Istituita con Decreto del Presidente del Consiglio dei Ministri, ha l’obiettivo di diffondere la cultura della prevenzione e della diagnosi precoce. Arrivare “prima” di fronte ad una malattia è fondamentale per aumentare la sopravvivenza. Lo scopo principale è la sensibilizzazione della popolazione sull’importanza di adottare uno stile di vita sano e corretto per prevenire alcune patologie tumorali. Protagonista indiscusso è l’olio extravergine d’oliva, noto per le sue qualità benefiche.

Tra le iniziative in favore della popolazione, per tutta la Settimana, l’Unità Mobile LILT offrirà a Milano e Provincia la possibilità di sottoporsi gratuitamente a visite di diagnosi precoce oncologica, un modo per portare la prevenzione sotto casa dei cittadini. Diverse le prestazioni offerte sull’Unità Mobile e negli Spazi Prevenzione LILT Milano: visite dermatologiche, senologiche, al cavo orale, alla prostata e consulenze alimentari, fino ad esaurimento dei posti disponibili. Chi deciderà di prendersi cura del proprio corpo, grazie ad uno screening preventivo, potrà richiedere la shopper della salute, con olio extravergine d’oliva, pomodori pelati e pasta, alimenti simbolo della tradizionale dieta mediterranea, preziosa alleata contro i tumori.

Anche quest’anno, inoltre, per ricordare l’importanza di una regolare attività fisica, LILT Milano ha deciso di istituire una partnership con “Ciclobby”, Associazione ciclo-ambientalista aderente alla Federazione Italiana Amici della Bicicletta (FIAB onlus).
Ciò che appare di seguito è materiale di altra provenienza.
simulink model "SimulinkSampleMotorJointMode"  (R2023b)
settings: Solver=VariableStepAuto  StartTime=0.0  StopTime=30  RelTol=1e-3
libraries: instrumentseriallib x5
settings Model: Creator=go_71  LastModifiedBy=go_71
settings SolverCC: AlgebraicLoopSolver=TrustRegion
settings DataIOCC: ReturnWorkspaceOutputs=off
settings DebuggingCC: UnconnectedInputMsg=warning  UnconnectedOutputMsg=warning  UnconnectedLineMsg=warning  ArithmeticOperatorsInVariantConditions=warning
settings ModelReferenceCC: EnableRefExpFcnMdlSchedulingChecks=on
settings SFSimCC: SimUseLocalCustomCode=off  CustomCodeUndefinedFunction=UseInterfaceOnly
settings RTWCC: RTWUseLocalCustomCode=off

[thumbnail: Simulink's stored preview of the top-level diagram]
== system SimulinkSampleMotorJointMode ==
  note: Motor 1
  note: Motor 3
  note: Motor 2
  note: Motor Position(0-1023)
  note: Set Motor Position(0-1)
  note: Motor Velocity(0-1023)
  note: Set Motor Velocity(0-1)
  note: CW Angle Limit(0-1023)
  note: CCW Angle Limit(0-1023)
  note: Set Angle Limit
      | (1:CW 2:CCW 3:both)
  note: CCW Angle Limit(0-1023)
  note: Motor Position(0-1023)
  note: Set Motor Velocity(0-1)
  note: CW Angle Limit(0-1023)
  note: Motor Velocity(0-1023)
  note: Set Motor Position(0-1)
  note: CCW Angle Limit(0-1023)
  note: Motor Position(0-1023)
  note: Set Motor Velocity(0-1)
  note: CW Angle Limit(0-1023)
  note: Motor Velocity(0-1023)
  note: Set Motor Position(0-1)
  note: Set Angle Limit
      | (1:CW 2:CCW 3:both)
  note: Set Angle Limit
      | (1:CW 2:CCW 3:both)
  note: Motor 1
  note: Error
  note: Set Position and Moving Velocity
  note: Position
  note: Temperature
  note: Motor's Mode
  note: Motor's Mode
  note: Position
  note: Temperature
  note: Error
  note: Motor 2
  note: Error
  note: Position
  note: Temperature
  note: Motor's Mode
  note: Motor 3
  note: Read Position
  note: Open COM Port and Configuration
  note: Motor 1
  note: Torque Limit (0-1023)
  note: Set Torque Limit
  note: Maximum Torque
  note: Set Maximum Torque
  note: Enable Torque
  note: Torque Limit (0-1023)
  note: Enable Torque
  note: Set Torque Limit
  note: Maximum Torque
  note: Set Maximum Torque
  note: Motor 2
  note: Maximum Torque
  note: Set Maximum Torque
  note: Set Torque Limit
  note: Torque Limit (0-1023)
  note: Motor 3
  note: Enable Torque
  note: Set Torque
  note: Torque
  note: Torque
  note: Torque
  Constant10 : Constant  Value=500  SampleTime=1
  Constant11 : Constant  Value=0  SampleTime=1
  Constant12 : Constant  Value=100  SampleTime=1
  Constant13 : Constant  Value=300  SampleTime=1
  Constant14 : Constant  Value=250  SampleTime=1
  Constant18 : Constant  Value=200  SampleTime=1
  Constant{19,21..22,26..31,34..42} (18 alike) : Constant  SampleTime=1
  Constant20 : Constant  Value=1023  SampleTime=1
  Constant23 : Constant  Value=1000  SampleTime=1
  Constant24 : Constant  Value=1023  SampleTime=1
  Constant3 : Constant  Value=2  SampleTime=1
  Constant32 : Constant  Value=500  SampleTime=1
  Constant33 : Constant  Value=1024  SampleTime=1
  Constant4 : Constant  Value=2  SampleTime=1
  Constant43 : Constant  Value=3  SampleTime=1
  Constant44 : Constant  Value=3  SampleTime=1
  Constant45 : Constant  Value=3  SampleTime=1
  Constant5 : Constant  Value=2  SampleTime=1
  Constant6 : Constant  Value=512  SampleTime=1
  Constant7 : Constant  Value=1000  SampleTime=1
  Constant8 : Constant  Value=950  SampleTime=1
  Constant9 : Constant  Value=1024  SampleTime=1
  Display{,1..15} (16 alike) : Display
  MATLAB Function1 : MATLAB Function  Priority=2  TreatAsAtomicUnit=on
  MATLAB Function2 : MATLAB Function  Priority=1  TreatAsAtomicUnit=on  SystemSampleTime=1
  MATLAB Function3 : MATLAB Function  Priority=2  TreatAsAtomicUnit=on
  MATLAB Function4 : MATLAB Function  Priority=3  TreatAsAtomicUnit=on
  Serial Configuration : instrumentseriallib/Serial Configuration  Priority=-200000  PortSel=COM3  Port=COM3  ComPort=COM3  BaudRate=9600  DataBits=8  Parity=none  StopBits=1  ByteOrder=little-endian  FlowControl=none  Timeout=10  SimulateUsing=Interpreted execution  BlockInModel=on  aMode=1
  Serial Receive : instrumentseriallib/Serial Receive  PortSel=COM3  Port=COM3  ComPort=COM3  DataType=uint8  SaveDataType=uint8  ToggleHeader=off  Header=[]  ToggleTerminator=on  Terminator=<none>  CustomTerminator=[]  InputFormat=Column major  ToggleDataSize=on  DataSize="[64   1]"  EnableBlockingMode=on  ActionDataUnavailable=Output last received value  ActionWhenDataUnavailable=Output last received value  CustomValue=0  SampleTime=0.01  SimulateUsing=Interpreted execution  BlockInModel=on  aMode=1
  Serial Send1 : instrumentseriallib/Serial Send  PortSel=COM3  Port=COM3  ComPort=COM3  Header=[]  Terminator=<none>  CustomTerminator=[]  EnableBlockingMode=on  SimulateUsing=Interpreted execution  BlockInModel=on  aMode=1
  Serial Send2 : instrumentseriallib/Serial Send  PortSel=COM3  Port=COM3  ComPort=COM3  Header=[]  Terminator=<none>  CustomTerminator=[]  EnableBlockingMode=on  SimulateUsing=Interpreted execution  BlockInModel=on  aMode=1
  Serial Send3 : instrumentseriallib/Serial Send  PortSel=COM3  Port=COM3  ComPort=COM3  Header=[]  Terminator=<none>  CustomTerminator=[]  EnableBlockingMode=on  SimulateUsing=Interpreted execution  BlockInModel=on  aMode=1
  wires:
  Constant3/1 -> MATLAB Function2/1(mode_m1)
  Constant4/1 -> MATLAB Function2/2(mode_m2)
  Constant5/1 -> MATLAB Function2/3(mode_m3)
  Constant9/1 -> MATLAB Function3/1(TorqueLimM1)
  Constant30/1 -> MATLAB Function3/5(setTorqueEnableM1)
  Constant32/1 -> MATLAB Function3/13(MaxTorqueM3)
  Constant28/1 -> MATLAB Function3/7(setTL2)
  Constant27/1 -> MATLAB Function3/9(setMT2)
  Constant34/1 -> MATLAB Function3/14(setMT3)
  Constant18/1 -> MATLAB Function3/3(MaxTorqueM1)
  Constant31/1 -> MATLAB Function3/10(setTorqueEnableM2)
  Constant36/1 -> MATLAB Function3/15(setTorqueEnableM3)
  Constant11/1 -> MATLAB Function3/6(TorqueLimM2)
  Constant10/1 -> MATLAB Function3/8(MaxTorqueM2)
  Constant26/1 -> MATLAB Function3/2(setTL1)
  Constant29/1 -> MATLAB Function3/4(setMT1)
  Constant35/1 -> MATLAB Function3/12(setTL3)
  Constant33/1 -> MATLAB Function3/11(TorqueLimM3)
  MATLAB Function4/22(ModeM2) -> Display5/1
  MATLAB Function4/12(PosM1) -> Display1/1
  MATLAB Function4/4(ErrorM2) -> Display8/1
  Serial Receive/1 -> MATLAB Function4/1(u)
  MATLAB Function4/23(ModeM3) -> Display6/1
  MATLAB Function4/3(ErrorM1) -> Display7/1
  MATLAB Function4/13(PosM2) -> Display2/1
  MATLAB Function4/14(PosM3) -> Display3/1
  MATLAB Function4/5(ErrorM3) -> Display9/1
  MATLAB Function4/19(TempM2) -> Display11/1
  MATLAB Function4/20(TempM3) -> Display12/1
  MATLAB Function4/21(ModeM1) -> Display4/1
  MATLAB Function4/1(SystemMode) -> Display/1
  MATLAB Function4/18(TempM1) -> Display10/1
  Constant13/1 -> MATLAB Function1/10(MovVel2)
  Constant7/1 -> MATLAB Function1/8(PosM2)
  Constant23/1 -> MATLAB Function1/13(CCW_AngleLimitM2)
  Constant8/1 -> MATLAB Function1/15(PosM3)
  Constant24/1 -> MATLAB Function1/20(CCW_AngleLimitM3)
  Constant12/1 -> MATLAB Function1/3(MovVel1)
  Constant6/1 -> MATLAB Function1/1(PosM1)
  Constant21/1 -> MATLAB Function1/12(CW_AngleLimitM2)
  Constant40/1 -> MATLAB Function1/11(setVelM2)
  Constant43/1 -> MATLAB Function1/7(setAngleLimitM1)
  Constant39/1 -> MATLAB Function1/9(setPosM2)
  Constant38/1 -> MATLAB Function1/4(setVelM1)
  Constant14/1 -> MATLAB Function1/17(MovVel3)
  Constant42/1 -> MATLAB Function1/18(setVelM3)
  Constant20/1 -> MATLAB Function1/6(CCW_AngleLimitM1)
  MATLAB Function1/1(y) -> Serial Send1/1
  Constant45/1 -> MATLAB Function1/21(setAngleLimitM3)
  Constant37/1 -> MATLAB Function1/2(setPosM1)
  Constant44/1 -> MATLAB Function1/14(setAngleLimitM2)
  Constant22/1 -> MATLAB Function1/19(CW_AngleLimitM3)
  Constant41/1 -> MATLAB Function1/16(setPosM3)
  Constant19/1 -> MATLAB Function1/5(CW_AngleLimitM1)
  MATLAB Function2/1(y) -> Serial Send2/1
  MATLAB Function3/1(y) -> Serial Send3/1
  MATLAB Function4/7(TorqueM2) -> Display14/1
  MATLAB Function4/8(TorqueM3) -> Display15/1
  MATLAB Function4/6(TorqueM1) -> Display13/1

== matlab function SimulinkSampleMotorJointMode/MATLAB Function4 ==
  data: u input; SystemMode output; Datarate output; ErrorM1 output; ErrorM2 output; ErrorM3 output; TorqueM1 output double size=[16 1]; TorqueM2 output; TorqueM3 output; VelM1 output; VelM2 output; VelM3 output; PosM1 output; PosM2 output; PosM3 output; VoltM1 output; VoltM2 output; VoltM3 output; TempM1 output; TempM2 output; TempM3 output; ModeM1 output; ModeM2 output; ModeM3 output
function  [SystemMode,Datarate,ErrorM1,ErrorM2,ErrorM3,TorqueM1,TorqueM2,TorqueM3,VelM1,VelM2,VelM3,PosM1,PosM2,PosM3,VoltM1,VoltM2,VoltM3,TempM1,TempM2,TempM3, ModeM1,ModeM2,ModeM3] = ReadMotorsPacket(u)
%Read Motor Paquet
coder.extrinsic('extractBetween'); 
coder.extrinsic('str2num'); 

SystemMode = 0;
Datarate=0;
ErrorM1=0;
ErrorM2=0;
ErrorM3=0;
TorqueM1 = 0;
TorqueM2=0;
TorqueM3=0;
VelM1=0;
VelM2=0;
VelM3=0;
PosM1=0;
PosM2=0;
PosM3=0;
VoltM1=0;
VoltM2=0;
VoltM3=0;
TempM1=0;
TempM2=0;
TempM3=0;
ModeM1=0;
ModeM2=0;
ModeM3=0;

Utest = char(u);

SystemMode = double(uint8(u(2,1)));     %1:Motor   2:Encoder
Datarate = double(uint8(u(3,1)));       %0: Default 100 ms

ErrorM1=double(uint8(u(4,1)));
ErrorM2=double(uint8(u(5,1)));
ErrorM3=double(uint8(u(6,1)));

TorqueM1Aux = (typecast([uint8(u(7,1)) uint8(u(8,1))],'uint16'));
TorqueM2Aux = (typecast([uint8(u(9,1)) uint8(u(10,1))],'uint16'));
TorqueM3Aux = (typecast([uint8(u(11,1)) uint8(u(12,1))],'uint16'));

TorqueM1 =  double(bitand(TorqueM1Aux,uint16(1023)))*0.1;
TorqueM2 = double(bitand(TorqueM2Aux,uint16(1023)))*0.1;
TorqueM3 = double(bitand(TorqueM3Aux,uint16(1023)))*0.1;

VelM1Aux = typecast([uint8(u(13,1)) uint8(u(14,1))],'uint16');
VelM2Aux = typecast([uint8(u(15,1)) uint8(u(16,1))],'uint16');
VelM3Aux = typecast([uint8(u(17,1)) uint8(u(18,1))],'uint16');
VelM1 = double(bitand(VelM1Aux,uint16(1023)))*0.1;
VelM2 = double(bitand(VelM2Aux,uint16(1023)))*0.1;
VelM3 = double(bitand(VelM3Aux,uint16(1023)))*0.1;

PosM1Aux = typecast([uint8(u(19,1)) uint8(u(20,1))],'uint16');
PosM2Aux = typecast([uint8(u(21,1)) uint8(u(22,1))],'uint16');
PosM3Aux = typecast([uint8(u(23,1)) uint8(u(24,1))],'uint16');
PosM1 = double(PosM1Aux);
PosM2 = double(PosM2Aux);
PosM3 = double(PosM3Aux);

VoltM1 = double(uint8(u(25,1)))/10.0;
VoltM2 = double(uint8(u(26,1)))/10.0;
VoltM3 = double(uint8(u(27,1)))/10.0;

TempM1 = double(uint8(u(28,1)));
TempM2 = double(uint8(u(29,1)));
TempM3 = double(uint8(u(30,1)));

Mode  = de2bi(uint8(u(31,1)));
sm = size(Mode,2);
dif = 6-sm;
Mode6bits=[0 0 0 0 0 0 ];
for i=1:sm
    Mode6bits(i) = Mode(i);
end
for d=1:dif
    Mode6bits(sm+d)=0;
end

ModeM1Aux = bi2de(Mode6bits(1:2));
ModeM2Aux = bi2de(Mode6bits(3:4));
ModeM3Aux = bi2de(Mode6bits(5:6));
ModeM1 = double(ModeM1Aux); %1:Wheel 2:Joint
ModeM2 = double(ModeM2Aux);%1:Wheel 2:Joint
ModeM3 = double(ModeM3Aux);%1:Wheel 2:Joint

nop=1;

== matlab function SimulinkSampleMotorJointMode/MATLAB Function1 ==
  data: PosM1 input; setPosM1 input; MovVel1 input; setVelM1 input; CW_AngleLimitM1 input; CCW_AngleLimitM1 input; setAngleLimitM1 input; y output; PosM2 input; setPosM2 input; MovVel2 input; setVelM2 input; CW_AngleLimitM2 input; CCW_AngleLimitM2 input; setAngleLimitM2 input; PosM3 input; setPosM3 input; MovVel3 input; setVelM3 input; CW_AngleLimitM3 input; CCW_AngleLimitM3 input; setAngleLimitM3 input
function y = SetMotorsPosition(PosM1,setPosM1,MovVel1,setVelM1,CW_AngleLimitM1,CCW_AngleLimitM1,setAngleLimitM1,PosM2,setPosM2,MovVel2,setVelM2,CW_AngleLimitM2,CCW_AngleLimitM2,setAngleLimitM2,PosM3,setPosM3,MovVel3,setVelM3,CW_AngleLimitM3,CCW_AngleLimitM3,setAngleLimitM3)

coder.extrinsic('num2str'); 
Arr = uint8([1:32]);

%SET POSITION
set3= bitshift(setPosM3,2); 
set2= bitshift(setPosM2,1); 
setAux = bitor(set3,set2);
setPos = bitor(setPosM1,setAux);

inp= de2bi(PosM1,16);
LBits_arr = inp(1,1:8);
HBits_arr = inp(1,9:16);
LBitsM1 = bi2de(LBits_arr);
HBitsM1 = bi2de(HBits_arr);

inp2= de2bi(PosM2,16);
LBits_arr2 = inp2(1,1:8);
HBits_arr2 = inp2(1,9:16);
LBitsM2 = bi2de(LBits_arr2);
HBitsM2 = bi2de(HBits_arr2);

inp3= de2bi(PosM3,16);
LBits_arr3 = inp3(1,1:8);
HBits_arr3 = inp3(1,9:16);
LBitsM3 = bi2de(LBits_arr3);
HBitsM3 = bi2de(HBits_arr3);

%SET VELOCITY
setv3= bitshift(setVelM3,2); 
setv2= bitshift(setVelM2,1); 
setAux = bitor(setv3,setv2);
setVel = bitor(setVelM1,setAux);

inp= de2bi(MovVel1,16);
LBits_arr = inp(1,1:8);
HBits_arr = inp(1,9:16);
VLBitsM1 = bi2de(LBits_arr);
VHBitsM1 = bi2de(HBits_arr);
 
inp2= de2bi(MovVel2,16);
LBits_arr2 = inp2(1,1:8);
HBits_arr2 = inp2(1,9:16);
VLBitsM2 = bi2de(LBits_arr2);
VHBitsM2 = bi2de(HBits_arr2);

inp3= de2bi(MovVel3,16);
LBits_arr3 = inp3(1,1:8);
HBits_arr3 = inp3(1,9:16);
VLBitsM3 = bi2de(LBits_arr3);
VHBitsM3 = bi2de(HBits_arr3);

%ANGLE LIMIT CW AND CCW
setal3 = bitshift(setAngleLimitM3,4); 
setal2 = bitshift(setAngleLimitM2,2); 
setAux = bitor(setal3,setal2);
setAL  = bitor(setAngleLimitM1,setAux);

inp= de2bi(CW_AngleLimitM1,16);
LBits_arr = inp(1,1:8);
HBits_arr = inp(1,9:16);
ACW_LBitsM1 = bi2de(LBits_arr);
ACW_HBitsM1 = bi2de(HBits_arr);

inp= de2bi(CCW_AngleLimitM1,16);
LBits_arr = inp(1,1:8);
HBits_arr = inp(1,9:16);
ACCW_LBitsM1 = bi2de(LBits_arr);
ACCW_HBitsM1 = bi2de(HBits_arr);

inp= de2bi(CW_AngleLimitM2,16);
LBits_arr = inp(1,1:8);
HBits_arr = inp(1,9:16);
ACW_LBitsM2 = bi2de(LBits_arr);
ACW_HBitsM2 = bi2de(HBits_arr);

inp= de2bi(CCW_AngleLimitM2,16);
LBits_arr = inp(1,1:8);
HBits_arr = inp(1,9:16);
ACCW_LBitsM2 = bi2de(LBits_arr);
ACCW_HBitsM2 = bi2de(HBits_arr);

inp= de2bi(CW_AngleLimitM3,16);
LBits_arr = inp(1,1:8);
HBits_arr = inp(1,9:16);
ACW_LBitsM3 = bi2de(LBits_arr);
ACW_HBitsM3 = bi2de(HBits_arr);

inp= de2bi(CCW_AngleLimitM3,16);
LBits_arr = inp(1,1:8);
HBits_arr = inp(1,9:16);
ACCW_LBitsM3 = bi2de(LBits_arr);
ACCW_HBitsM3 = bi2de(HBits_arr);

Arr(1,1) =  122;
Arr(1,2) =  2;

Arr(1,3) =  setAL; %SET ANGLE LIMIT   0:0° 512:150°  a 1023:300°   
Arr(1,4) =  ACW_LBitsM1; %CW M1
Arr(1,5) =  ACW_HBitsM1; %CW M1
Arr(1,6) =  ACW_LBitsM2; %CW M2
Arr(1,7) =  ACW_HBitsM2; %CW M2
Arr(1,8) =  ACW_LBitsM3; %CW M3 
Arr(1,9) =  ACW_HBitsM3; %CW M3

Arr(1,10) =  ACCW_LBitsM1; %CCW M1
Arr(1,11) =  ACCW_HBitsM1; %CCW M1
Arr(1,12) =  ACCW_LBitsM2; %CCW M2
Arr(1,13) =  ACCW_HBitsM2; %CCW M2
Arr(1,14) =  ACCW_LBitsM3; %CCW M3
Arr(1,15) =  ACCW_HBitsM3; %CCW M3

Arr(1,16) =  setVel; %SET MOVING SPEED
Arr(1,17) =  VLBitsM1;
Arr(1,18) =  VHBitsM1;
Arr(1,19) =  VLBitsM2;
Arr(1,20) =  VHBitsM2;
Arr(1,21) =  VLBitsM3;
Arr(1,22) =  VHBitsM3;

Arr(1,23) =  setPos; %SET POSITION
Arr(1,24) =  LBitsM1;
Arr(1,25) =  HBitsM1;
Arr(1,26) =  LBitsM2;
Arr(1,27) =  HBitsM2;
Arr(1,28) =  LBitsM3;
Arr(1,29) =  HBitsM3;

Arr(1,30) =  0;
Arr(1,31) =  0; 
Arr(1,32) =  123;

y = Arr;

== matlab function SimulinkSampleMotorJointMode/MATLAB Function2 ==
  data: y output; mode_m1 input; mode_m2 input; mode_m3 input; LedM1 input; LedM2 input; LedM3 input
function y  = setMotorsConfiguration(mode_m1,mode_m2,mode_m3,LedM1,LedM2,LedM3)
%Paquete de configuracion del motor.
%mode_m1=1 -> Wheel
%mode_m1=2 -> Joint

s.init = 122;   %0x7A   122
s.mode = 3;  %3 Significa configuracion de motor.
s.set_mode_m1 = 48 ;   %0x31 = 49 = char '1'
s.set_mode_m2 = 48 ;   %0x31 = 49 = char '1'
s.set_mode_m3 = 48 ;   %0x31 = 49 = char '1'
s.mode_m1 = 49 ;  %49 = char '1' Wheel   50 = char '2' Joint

Inoltre, ha aderito, in qualità di charity partner, alla storica corsa ciclistica Milano-Sanremo. Lo scopo di queste iniziative è sottolineare, ancora una volta, l’importanza del movimento per restare in forma; l’ideale sarebbero 10mila passi quotidiani, l’equivalente di una breve passeggiata la mattina e la sera. Recenti studi condotti in Europa e Stati Uniti, infatti, hanno dimostrato che chi fa esercizio fisico ha il 7% di probabilità in meno di ammalarsi, ma in un quarto delle neoplasie il rischio crollerebbe di oltre il 20% fino, ad esempio, al meno 42% nell’adenocarcinoma all’esofago.